Setting Financial Goals: A Path to Solopreneur Success

The path to solopreneur success is filled with potholes and detours. Finding the perfect balance and achieving financial goals takes dedication and a few key factors. Those who win at the game often have a specific set of traits — all of which you can develop.

Setting solopreneur financial goals is your first stage of making a living so you can continue working for yourself rather than a corporation.

Setting Financial Goals: A Path to Solopreneur Success

Setting Financial Goals A Path to Solopreneur Success

1. Know the Statistics

Understanding the facts is one of the best ways to prepare and set realistic solopreneur financial goals. The Small Business Administration estimates there are 33.3 million small businesses in the country. Not all of them are your direct competitors, but millions of entrepreneurs are vying for the attention of a limited customer base.

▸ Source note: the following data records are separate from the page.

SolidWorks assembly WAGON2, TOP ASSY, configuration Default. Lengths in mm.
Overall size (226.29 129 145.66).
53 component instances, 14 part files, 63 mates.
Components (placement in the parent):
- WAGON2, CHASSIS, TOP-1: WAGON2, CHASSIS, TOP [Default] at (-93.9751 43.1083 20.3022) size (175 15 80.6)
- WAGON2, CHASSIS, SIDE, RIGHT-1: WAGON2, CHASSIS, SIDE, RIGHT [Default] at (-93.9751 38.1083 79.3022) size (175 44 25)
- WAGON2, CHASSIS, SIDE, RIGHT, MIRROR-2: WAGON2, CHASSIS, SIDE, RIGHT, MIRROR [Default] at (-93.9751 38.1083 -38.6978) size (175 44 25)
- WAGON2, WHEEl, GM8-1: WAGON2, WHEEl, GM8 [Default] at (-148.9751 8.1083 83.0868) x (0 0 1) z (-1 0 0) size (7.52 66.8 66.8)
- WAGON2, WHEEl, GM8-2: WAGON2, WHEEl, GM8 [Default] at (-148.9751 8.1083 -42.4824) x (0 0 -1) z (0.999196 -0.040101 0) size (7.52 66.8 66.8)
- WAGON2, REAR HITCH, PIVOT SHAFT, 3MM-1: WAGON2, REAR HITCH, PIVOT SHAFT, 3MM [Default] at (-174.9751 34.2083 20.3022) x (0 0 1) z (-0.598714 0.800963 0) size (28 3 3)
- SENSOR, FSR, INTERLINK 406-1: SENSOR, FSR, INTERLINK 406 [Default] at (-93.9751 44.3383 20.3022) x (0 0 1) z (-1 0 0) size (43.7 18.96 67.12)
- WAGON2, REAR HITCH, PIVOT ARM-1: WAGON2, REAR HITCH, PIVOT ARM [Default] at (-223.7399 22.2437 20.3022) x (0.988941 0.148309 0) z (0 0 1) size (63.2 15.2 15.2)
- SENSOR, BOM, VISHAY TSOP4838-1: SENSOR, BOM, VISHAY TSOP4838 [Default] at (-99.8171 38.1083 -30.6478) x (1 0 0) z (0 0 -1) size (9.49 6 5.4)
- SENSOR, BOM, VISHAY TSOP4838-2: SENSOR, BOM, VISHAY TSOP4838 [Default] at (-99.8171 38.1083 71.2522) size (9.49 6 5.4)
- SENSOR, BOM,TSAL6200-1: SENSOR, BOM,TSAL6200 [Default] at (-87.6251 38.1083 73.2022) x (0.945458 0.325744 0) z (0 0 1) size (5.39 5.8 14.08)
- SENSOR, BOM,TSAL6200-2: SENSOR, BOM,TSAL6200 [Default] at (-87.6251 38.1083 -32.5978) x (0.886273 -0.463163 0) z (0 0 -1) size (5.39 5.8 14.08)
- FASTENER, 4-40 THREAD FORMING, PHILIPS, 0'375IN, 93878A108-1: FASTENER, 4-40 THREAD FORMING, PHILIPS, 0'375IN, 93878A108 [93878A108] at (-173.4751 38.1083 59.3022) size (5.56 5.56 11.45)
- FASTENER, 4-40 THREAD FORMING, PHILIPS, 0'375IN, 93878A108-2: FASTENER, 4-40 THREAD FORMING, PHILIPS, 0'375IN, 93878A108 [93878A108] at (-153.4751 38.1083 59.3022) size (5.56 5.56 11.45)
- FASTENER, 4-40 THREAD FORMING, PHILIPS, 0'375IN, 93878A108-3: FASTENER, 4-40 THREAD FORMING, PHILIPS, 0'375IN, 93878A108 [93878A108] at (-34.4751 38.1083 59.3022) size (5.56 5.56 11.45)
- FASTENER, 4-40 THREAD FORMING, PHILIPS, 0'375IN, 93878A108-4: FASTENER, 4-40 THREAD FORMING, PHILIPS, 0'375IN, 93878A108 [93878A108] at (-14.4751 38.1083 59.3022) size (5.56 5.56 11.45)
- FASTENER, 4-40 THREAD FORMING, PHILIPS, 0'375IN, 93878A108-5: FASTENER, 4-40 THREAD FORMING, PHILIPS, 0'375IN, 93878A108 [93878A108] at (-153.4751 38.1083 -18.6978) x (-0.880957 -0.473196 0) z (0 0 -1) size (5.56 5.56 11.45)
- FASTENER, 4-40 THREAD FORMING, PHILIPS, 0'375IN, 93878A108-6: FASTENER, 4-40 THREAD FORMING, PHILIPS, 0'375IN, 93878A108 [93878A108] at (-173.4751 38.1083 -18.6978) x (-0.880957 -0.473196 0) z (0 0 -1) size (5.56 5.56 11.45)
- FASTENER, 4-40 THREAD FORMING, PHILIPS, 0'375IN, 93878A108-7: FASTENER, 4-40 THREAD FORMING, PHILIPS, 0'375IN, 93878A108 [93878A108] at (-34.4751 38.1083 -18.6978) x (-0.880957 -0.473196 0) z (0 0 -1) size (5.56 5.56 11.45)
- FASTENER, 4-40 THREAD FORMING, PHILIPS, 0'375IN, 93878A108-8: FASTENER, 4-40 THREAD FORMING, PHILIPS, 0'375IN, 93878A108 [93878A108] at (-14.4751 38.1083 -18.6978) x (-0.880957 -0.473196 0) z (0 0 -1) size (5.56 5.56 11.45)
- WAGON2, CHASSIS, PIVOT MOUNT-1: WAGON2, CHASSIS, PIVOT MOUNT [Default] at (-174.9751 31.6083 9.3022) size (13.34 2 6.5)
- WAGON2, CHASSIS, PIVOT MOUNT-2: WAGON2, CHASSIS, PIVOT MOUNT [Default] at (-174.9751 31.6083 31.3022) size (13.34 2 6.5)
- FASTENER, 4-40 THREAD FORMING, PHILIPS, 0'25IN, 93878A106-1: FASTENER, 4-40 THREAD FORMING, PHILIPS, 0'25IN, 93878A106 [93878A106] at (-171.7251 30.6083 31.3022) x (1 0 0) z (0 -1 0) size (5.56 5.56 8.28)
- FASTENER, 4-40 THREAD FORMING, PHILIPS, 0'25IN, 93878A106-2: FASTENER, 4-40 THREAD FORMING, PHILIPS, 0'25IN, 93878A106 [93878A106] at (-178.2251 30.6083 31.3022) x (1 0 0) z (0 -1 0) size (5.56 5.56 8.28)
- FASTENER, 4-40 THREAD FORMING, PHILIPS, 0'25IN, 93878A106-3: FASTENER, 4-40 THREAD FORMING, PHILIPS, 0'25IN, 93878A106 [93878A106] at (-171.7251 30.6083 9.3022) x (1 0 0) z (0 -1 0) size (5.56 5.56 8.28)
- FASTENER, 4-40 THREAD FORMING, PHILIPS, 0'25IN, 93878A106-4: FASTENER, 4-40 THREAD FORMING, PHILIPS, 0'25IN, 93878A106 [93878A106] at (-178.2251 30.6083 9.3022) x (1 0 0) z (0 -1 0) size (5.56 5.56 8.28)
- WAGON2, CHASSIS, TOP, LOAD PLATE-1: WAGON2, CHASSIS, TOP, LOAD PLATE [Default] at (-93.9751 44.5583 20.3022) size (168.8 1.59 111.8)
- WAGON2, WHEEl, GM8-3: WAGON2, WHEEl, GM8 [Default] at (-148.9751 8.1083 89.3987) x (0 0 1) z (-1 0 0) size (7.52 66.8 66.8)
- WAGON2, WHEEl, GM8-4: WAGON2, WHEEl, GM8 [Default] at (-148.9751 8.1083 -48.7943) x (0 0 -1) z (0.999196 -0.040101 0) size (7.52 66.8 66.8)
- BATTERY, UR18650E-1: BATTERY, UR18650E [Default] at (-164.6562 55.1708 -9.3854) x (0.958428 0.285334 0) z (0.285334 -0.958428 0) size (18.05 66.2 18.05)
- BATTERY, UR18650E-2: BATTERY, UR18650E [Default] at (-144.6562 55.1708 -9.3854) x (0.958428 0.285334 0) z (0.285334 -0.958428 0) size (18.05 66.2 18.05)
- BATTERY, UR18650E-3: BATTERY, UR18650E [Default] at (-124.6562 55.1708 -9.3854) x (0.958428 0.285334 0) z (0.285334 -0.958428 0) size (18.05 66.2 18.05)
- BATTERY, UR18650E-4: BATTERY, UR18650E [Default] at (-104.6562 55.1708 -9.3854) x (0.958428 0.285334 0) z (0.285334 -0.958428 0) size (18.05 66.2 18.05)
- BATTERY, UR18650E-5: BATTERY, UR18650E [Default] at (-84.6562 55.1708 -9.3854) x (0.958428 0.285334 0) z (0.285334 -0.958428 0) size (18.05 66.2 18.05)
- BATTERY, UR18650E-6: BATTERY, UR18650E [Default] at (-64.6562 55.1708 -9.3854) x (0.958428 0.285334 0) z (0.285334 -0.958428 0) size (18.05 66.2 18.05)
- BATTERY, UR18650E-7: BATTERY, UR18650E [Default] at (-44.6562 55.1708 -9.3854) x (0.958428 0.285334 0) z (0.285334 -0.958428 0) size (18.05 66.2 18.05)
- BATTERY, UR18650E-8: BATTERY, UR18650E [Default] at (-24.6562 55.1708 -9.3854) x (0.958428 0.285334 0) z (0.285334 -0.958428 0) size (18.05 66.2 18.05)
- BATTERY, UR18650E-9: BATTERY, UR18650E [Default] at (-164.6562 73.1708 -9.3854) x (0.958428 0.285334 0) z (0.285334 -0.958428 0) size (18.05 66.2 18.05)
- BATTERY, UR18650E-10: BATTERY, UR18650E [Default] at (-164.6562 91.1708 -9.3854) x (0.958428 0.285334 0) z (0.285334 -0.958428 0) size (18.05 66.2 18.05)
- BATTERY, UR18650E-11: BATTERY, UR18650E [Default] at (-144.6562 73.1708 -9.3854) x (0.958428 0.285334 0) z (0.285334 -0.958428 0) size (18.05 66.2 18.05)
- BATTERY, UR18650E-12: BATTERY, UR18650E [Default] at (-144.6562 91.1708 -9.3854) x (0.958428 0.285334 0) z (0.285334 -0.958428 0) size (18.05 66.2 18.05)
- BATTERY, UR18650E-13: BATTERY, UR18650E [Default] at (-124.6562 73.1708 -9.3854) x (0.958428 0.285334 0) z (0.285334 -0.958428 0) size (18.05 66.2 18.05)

Dig a bit deeper and find specifics for your industry. The more facts you can gather, the easier it will be to understand and set potential goals. You should also look at competitors and how much revenue they bring in during the same time or what other goals they achieve. Your direct competition’s moves are a good indicator of what you should accomplish at minimum.

2. Use the SMART Model

Most experts agree that goals should be achievable and measurable. Utilizing the SMART goals model ensures you have detailed enough information to plan your steps. Here are the stages of a SMART goal:

S — Specific: Goals should focus on one thing at a time, such as revenue, level of customer satisfaction or other key performance indicators (KPIs).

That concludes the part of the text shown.